My name is Emily-Jane Scandrett. I’d like to raise more awareness about the symptoms people experience leading up to their diagnosis. Not just awareness for the general public but for health care professionals too… as my diagnosis took a horrid 17 months!
What to look out for
Below are the symptoms listed on the MesotheliomaUK website:
shortness of breath
chest pain
loss of appetite
weight loss
fatigue and lethargy
They made me feel like a hypochondriac
I was different. I was five weeks pregnant when my symptoms first started. The major symptom I had was excruciating and paralysing pain in my lower right rib cage area. I also had terrific pain in my right shoulder blade that would radiate through my chest and down my right arm. After numerous visits to A&E and hospital admissions, doctors and nurses were at a loss as to what was wrong with me, which made me feel like a hypochondriac. I felt so frustrated and powerless. Mesothelioma is on the increase but knowledge isn’t!
Share your journey to diagnosis
I would like to know how many other people have experienced just one of the symptoms of mesothelioma, or the sort of widespread pain that I experienced, without any of the other symptoms listed above ? How long did it take you to be diagnosed? Was treatment delayed due to a lack of awareness by doctors and nurses about the symptoms and seriousness of this incurable cancer?
Things could have been very different
It is constantly playing on my mind that if I hadn’t gone to A&E with excruciating pain AGAIN last September (after attending A&E many times before), I may have ended up in an even worse off situation further down the line than I am in now… i.e. I wouldn’t be treatable.
Editor’s Note
Mesothelioma is still a relatively rare cancer, especially in younger patients like Emily-Jane.
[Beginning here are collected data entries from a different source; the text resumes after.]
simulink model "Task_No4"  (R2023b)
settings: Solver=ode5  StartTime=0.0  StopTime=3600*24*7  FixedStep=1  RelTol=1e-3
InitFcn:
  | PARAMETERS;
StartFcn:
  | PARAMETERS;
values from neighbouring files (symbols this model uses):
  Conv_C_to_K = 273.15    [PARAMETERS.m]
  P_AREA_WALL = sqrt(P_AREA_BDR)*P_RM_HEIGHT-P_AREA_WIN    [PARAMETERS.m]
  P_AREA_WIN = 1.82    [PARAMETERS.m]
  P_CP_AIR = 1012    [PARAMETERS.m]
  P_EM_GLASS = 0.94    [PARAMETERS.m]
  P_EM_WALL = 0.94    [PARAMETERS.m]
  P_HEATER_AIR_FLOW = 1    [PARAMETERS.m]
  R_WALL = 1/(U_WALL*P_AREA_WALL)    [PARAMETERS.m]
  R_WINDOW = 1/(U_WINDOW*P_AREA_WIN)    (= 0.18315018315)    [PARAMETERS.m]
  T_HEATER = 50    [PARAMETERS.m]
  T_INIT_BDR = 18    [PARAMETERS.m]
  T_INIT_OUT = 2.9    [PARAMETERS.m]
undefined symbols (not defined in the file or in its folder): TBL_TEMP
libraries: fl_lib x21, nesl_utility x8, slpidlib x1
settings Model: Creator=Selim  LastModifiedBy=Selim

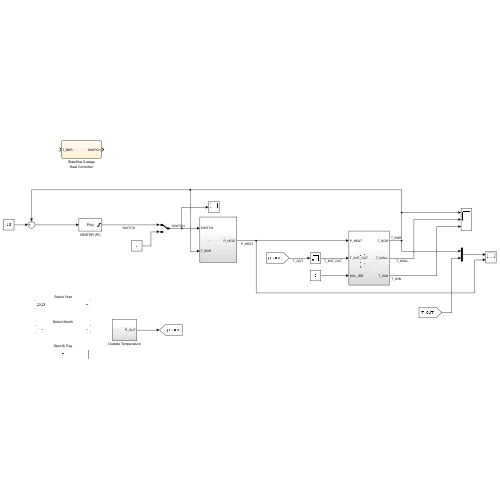
[thumbnail: Simulink's stored preview of the top-level diagram]
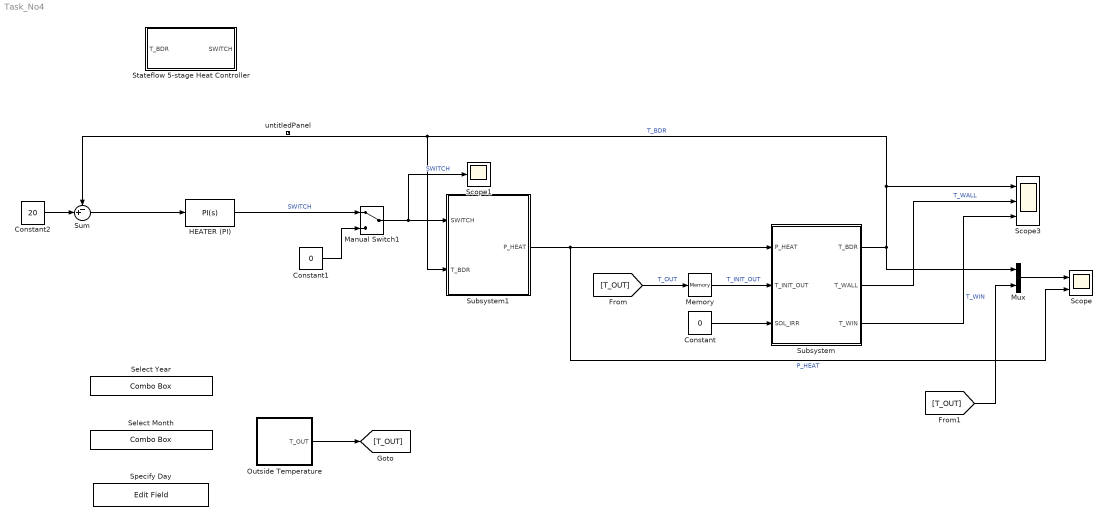
== system Task_No4 ==
  Constant : Constant  Value=0
  Constant1 : Constant  Value=0
  Constant2 : Constant  Value=20
  HEATER (PI) : slpidlib/PID Controller  Controller=PI  Form=Parallel  TimeDomain=Continuous-time  UseExternalTs=off  SampleTime=-1  IntegratorMethod=Forward Euler  FilterMethod=Forward Euler  ControllerParametersSource=internal  P=0.143081964564318  I=0.00336579194559755  UseKiTs=off  D=39.5738922859411  N=3204.37920267902  UseFilter=on  TunerSelectOption=Transfer Function Based (PID Tuner App)  InitialConditionSource=internal  InitialConditionForIntegrator=0  InitialConditionForFilter=0  DifferentiatorICPrevScaledInput=0  ExternalReset=none  TrackingMode=off  Kt=1  LimitOutput=on  SatLimitsSource=internal  UpperSaturationLimit=1  LowerSaturationLimit=0  LinearizeAsGain=on  AntiWindupMode=clamping  Kb=1  LimitIntegrator=off  UpperIntegratorSaturationLimit=inf  LowerIntegratorSaturationLimit=-inf  POutMin=[]  POutMax=[]  IOutMin=[]  IOutMax=[]  DOutMin=[]  DOutMax=[]  NOutMin=[]  NOutMax=[]  SumOutMin=[]  SumOutMax=[]  SaturationOutMin=[]  SaturationOutMax=[]  PParamMin=[]  PParamMax=[]  IParamMin=[]  IParamMax=[]  DParamMin=[]  DParamMax=[]  NParamMin=[]  NParamMax=[]  KbParamMin=[]  KbParamMax=[]  KtParamMin=[]  KtParamMax=[]  KbOutMin=[]  KbOutMax=[]  KtOutMin=[]  KtOutMax=[]  IntegratorOutMin=[]  IntegratorOutMax=[]  FilterOutMin=[]  FilterOutMax=[]  SumI1OutMin=[]  SumI1OutMax=[]  SumI2OutMin=[]  SumI2OutMax=[]  SumI3OutMin=[]  SumI3OutMax=[]  SumI4OutMin=[]  SumI4OutMax=[]  SumDOutMin=[]  SumDOutMax=[]  DifferentiatorOutMin=[]  DifferentiatorOutMax=[]  FilterDiffOutCoefMin=[]  FilterDiffOutCoefMax=[]  ReciprocalOutMin=[]  ReciprocalOutMax=[]  SumDenOutMin=[]  SumDenOutMax=[]  SumNumOutMin=[]  SumNumOutMax=[]  DivideOutMin=[]  DivideOutMax=[]  UdiffTsProdOutMin=[]  UdiffTsProdOutMax=[]  NTsProdOutMin=[]  NTsProdOutMax=[]  UintegralTsProdOutMin=[]  UintegralTsProdOutMax=[]  UngainTsProdOutMin=[]  UngainTsProdOutMax=[]  ClampingZeroOutDataTypeStr=Inherit: Inherit via back propagation  ClampingZeroOutMin=[]  ClampingZeroOutMax=[]  FilterDenConstantOutDataTypeStr=Inherit: Inherit via back propagation  FilterDenConstantOutMin=[]  FilterDenConstantOutMax=[]  PCopyOutDataTypeStr=Inherit: Inherit via back propagation  PCopyOutMin=[]  PCopyOutMax=[]  NCopyOutDataTypeStr=Inherit: Inherit via back propagation  NCopyOutMin=[]  NCopyOutMax=[]  IntegratorContinuousStateAttributes=''  IntegratorStateMustResolveToSignalObject=off  IntegratorRTWStateStorageClass=Auto  FilterContinuousStateAttributes=''  FilterStateMustResolveToSignalObject=off  FilterRTWStateStorageClass=Auto  ParallelPVariant=InternalParameters  IdealPVariant=Disabled  IVariant=InternalParameters  DVariant=Disabled  IntegratorVariant=Continuous  SatVariant=Enabled  AWVariant=ContClampingParallel  PCopyVariant=Disabled  TRVariant=Disabled  FdbkBlocksVariant=Forward  IdealPFdbkVariant=Disabled  SatFdbkVariant=Disabled  DerivativeFilterVariant=Disabled  NVariant=Disabled  NCopyVariant=Disabled_SignalSpec  FilterICVariant=Disabled  IntegratorICVariant=InternalICs  ExternalResetVariant=Disabled  TRSumVariant=Passthrough  SumFdbkVariant=Disabled  SumVariant=Sum_PI  TsampFilterVariant=InternalTs  TsampNgainVariant=Passthrough  TsampIntegralVariant=Disabled_SignalSpec  ExternalSaturationOutDataTypeStr=Inherit: Same as second input
  Manual Switch1 : ManualSwitch
  Memory : Memory  InitialCondition=T_INIT_OUT
  Mux : Mux  Inputs=2
  Outside Temperature : Subsystem
  Scope : Scope  NumInputPorts=2
  Scope1 : Scope
  Scope3 : Scope  NumInputPorts=3
  Select Month : ComboBox  LabelPosition=Hide  SelectedLabel=July
      settings: Values={{'January', 'February', 'March', 'April', 'May', 'June', 'July', 'August', 'September', 'Oktober', 'November', 'December'}, [1 2 3 4 5 6 7 8 9 10 11 12]}
  Select Year : ComboBox  LabelPosition=Hide  SelectedLabel=2023
      settings: Values={{'2022', '2023'}, [2022 2023]}
  Specify Day : EditField  LabelPosition=Hide  ShowInitialText=on  Alignment=Center
  Stateflow 5-stage Heat Controller : Stateflow chart  TreatAsAtomicUnit=on
  Subsystem : Subsystem
  Subsystem1 : Subsystem
  Sum : Sum  Inputs=-+|
  untitledPanel : Subsystem  Tag=HiddenForWebPanel  IsWebBlockPanel=on
  wires:
  Memory/1 -> Subsystem/2(T_INIT_OUT)  "T_INIT_OUT"
  Subsystem/1(T_BDR) -> Sum/1, Subsystem1/2(T_BDR), Scope3/1, Mux/1  "T_BDR"
  Manual Switch1/1 -> Subsystem1/1(SWITCH), Scope1/1  "SWITCH"
  Subsystem1/1(P_HEAT) -> Subsystem/1(P_HEAT), Scope/2  "P_HEAT"
  [T_OUT] -> Memory/1  "T_OUT"
  [T_OUT] -> Mux/2
  Mux/1 -> Scope/1
  Constant/1 -> Subsystem/3(SOL_IRR)
  HEATER (PI)/1 -> Manual Switch1/1  "SWITCH"
  Constant1/1 -> Manual Switch1/2
  Subsystem/2(T_WALL) -> Scope3/2  "T_WALL"
  Subsystem/3(T_WIN) -> Scope3/3  "T_WIN"
  Outside Temperature/1(T_OUT) -> [T_OUT]
  Sum/1 -> HEATER (PI)/1
  Constant2/1 -> Sum/2

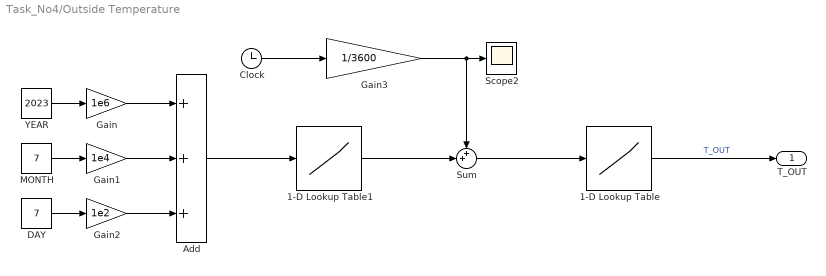
== system Task_No4/Outside Temperature ==
  1-D Lookup Table : Lookup_n-D  NumberOfTableDimensions=1  BreakpointsForDimension1=TBL_TEMP.DATE_sec  Table=TBL_TEMP.T_C  InternalRulePriority=Speed  RndMeth=Simplest
  1-D Lookup Table1 : Lookup_n-D  NumberOfTableDimensions=1  BreakpointsForDimension1=TBL_TEMP.DATE_yyyymmddhh  Table=TBL_TEMP.DATE_sec  InternalRulePriority=Speed  RndMeth=Simplest
  Add : Sum  Inputs=+++
  Clock : Clock
  DAY : Constant  Value=7
  Gain : Gain  Gain=1e6
  Gain1 : Gain  Gain=1e4
  Gain2 : Gain  Gain=1e2
  Gain3 : Gain  Gain=1/3600
  MONTH : Constant  Value=7
  Scope2 : Scope
  Sum : Sum  Inputs=++|
  YEAR : Constant  Value=2023
  T_OUT : Outport
  wires:
  Gain1/1 -> Add/2
  MONTH/1 -> Gain1/1
  Clock/1 -> Gain3/1
  1-D Lookup Table1/1 -> Sum/2
  Add/1 -> 1-D Lookup Table1/1
  YEAR/1 -> Gain/1
  Gain/1 -> Add/1
  Gain3/1 -> Scope2/1, Sum/1
  Sum/1 -> 1-D Lookup Table/1
  Gain2/1 -> Add/3
  DAY/1 -> Gain2/1
  1-D Lookup Table/1 -> T_OUT/1  "T_OUT"

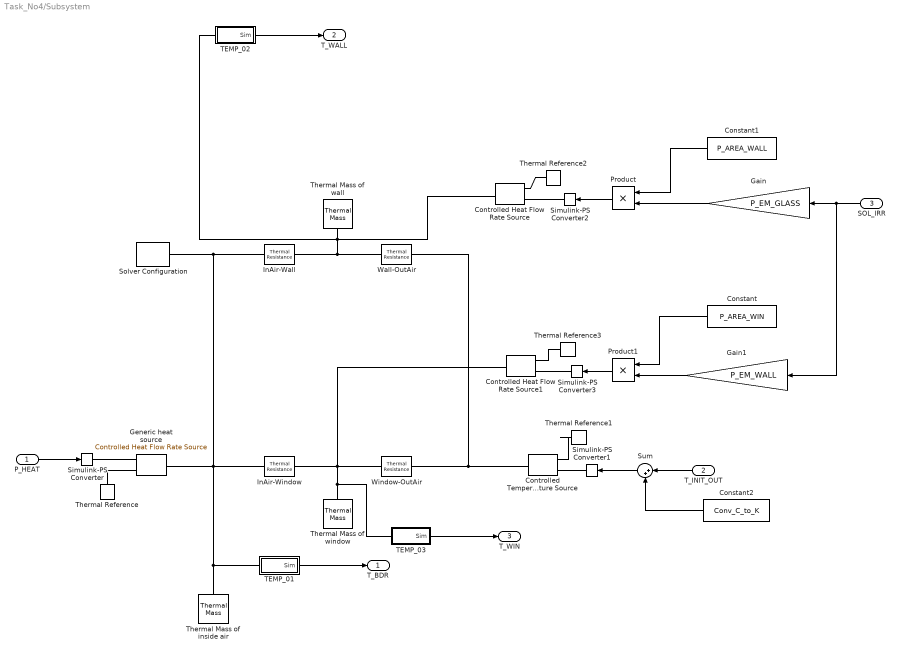
== system Task_No4/Subsystem ==
  P_HEAT : Inport
  T_INIT_OUT : Inport  Port=2
  SOL_IRR : Inport  Port=3
  Constant : Constant  Value=P_AREA_WIN
  Constant1 : Constant  Value=P_AREA_WALL
  Constant2 : Constant  Value=Conv_C_to_K
  Controlled Temperature Source : fl_lib/Thermal/Thermal Sources/Controlled Temperature Source
  Controlled Heat Flow Rate Source : fl_lib/Thermal/Thermal Sources/Controlled Heat Flow Rate Source
  Controlled Heat Flow Rate Source1 : fl_lib/Thermal/Thermal Sources/Controlled Heat Flow Rate Source
  Gain : Gain  Gain=P_EM_GLASS
  Gain1 : Gain  Gain=P_EM_WALL
  Generic heat source : fl_lib/Thermal/Thermal Sources/Controlled Heat Flow Rate Source
  InAir-Wall : fl_lib/Thermal/Thermal Elements/Thermal Resistance  resistance=R_WALL/2 K/W  T_specify=off  T_priority=None  T=0 K  T_nominal_specify=off  T_nominal_unit=K  T_nominal_value=1  Q_specify=off  Q_priority=None  Q=0 W  Q_nominal_specify=off  Q_nominal_unit=W  Q_nominal_value=1
  InAir-Window : fl_lib/Thermal/Thermal Elements/Thermal Resistance  resistance=R_WINDOW/2 K/W  T_specify=off  T_priority=None  T=0 K  T_nominal_specify=off  T_nominal_unit=K  T_nominal_value=1  Q_specify=off  Q_priority=None  Q=0 W  Q_nominal_specify=off  Q_nominal_unit=W  Q_nominal_value=1
  Product : Product
  Product1 : Product
  Simulink-PS Converter{,1..3} (4 alike) : nesl_utility/Simulink-PS Converter  PhysicalDomain=network_engine_domain  SubClassName=ps_input  LeftPortType=input  RightPortType=output  PseudoPeriodic=off  Frequencies=[]  NoiseDistribution=none  NoiseParameters=[]  Unit=1  AffineConversion=off  FilteringAndDerivatives=provide  SimscapeFilterOrder=1  InputFilterTimeConstant=0.001  UdotUserProvided=0
  Solver Configuration : nesl_utility/Solver Configuration  PhysicalDomain=network_engine_domain  SubClassName=solver  LeftPortType=input  RightPortType=generic  Tones=[]  Harmonics=[]  SimulateNoise=off  Profile=off  UseLocalSampling=off  EnableSwitchedLinearOptims=on  FrequencyDomain=off  UseCCode=off  RelTol=0.001  AbsTol=0.001  MinStep=1e-09  ToWorkspace=off  RevertToSquareIcSolve=off  NumHomotopyIterations=100  PhasorMode=off  PhasorModeNumHarmonics=1  ConsistencySolver=NEWTON_XTOL_AFTER_FTOL  IndexReductionMethod=DerivativeReplacement  DoDC=off  ResidualTolerance=1e-09  ConsistencyTolSource=GLOBAL  ConsistencyAbsTol=0.001  ConsistencyRelTol=0.001  ConsistencyTolFactor=0.001  UseLocalSolver=off  LocalSolverChoice=NE_BACKWARD_EULER_ADVANCER  ResolveIndetEquations=on  FunctionEvalNumThread=1  LocalSolverSampleTime=0.001  DoFixedCost=off  MaxNonlinIter=3  MaxModeIter=2  ComputeImpulses=off  ImpulseIterations=2  LinearAlgebra=auto  LinearAlgebraNumThread=0  EquationFormulation=NE_TIME_EF  DelaysMemoryBudget=1024  AutomaticFiltering=on  FilteringTimeConstant=0.001  PartitionStorageMethod=AS_NEEDED  PartitionMemoryBudget=1024  PartitionMethod=ROBUST  MultibodyUseLocalSolver=off  MultibodyLocalSolverChoice=ODE1  MultibodyLocalSolverSampleTime=0.001
  Sum : Sum  Inputs=|++
  TEMP_01 : Subsystem
  TEMP_02 : Subsystem
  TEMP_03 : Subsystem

Doctors and nurses may seldom come across it. They should always ask you what you do for a living. People in high risk occupations, like building trades, are more easily diagnosed. But many people will have had multiple jobs and everyone is exposed to asbestos at some time in their life. Don’t be put off from going back again and again, as Emily-Jane did, until you get a definite diagnosis.